Apesar disso, são culturas que podem ser relevantes para a rotação dos cereais, aumentando a rentabilidade em cada hectare. A produção nacional representa 14% das necessidades do mercado interno.
Produção de sementes aumenta
A semente certificada tem uma utilização tendencialmente crescente em Portugal devido à aposta de outras fileiras em produtos de maior qualidade e que respondam aos requisitos das respetivas indústrias. Um exemplo identificado: a produção de semente de girassol aumentou bastante nos últimos dois anos devido ao investimento dos players mundiais, Syngenta e Pioneer.

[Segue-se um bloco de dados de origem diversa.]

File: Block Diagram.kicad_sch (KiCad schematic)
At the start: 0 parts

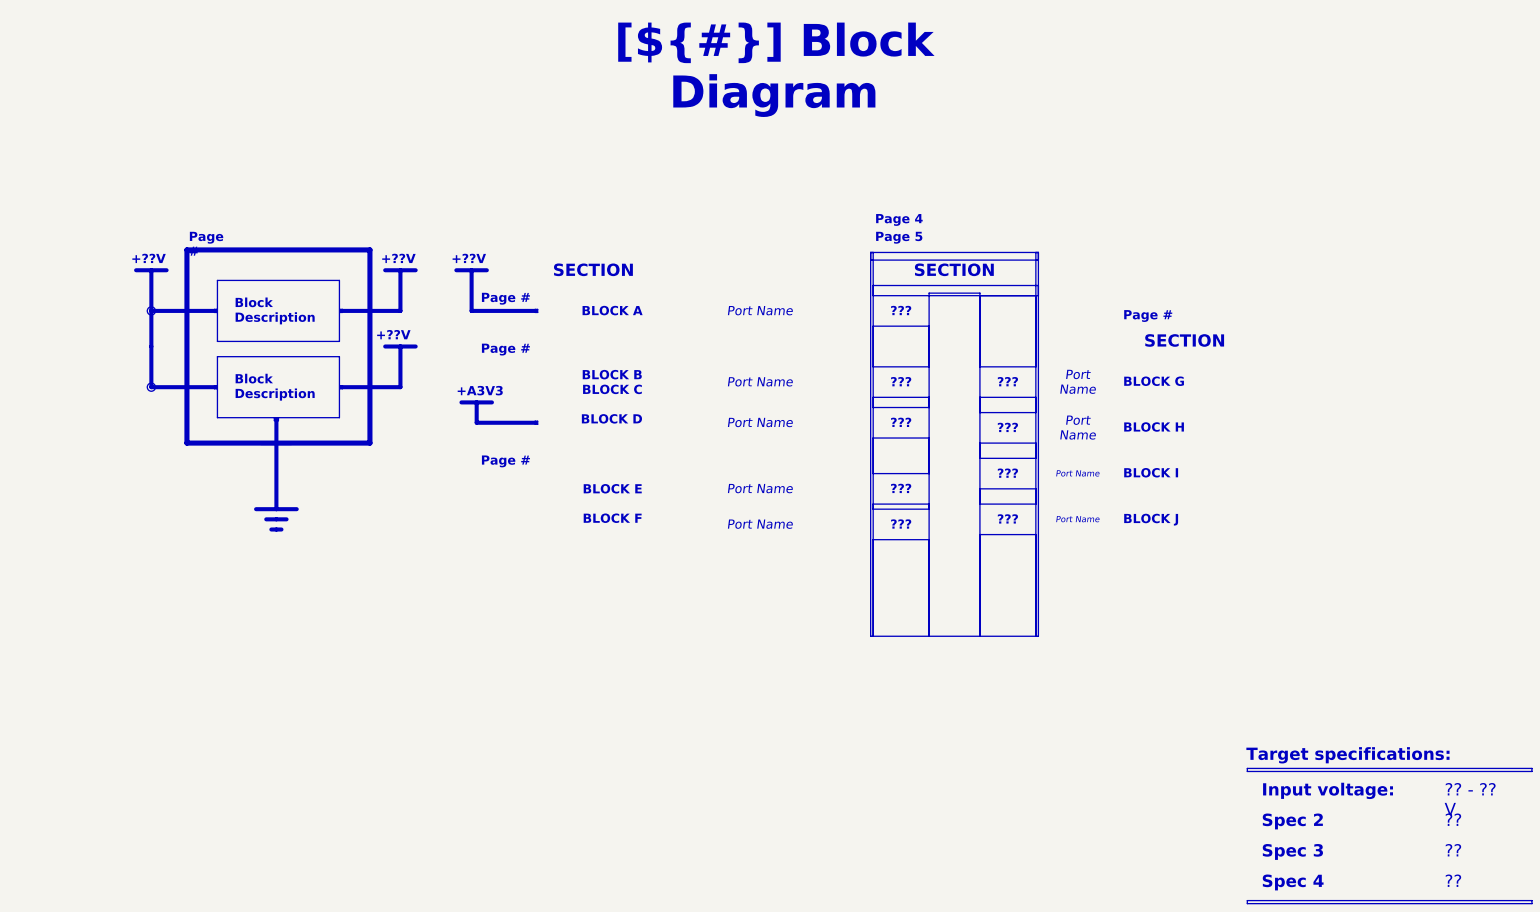
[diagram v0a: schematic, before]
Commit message: SCH[Inital Setup]: Created intital pages, added some inital symbols.
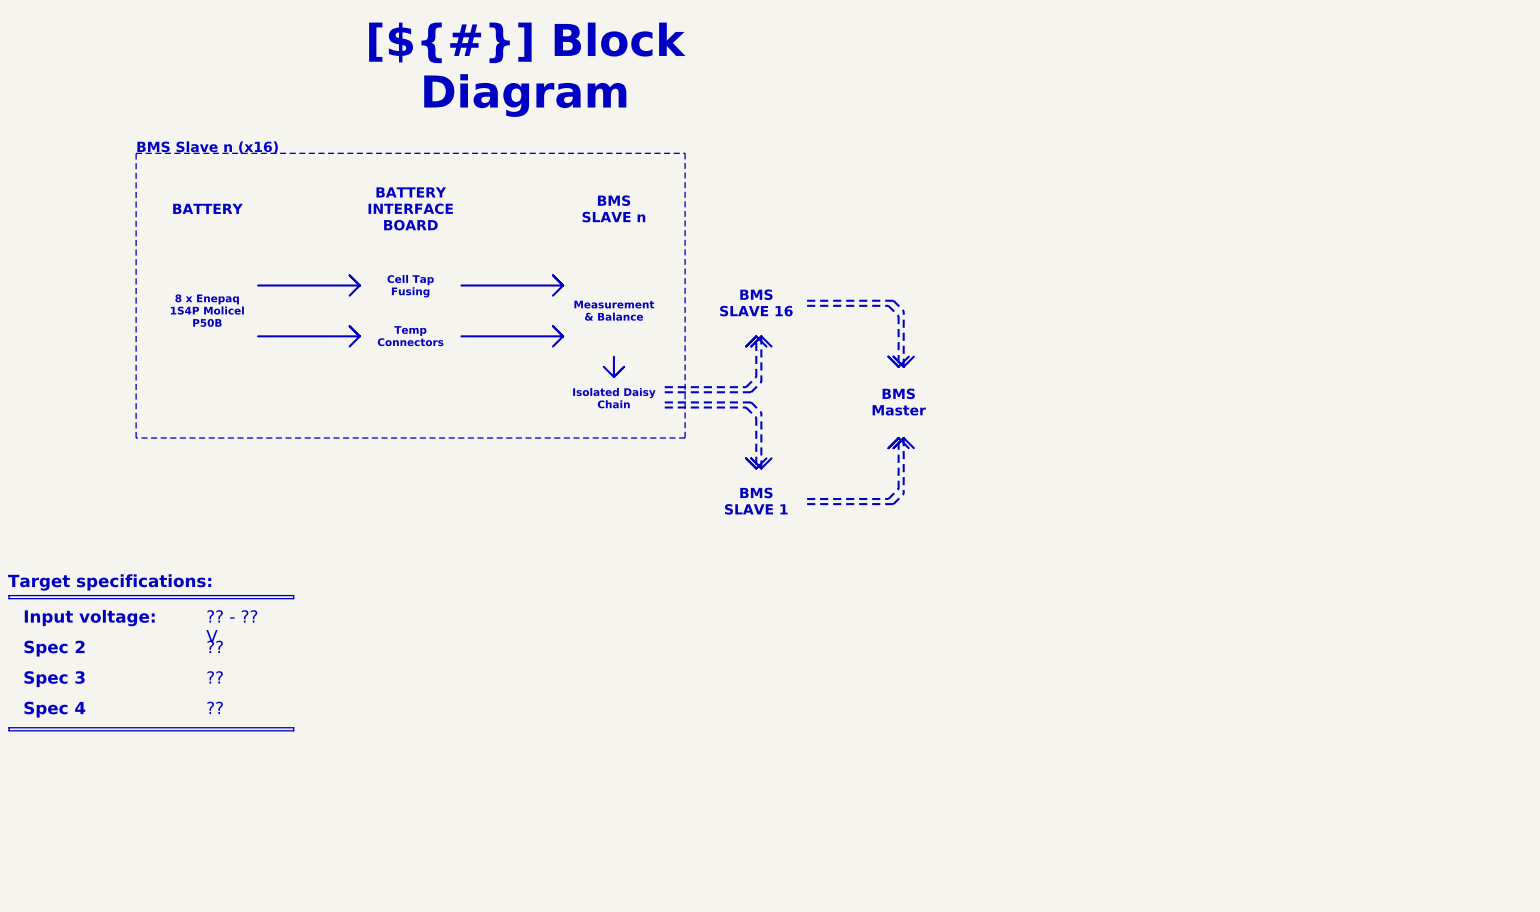
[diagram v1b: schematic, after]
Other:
- note added: "BMS Slave n (x16)"
- note removed: "+??V"
- note removed: "+A3V3"

A percentagem de semente certificada na produção de trigo em Portugal é de 20%, enquanto em França este número é de 35/40%. Nesta cadeia de valor os produtores assumem o papel de multiplicadores de sementes, sendo essencial o papel dos produtores na concentração e comercialização.
Existe ainda o potencial de aumento das exportações de certos perfis de sementes, aquelas em que, pelas suas condições climáticas, Portugal é distintivo.
A produção nacional de semente certificada representa cerca de 18% das necessidades do mercado interno.
Como valorizar a produção?
O estudo apresenta seis pilares para a valorização da produção: o aumento da produção; a rentabilização das áreas cultivadas (com substituição de culturas de baixo valor por culturas de maior valor acrescentado e introdução de culturas de rotação que tragam rentabilidade adicional); o aumento da colaboração nas cadeias de valor, com mais proximidade entre produção e indústria; melhor organização, gestão e planeamento da produção (com maior profissionalização do planeamento e gestão) e finalmente partilha de conhecimento, informação e boas práticas.
Nas oportunidades de aumento de valor, o estudo avança três tipos de estratégias recomendadas: explorar novas áreas semeadas, substituir culturas de menor valor acrescentado e apostar em rotação com culturas de maior rentabilidade.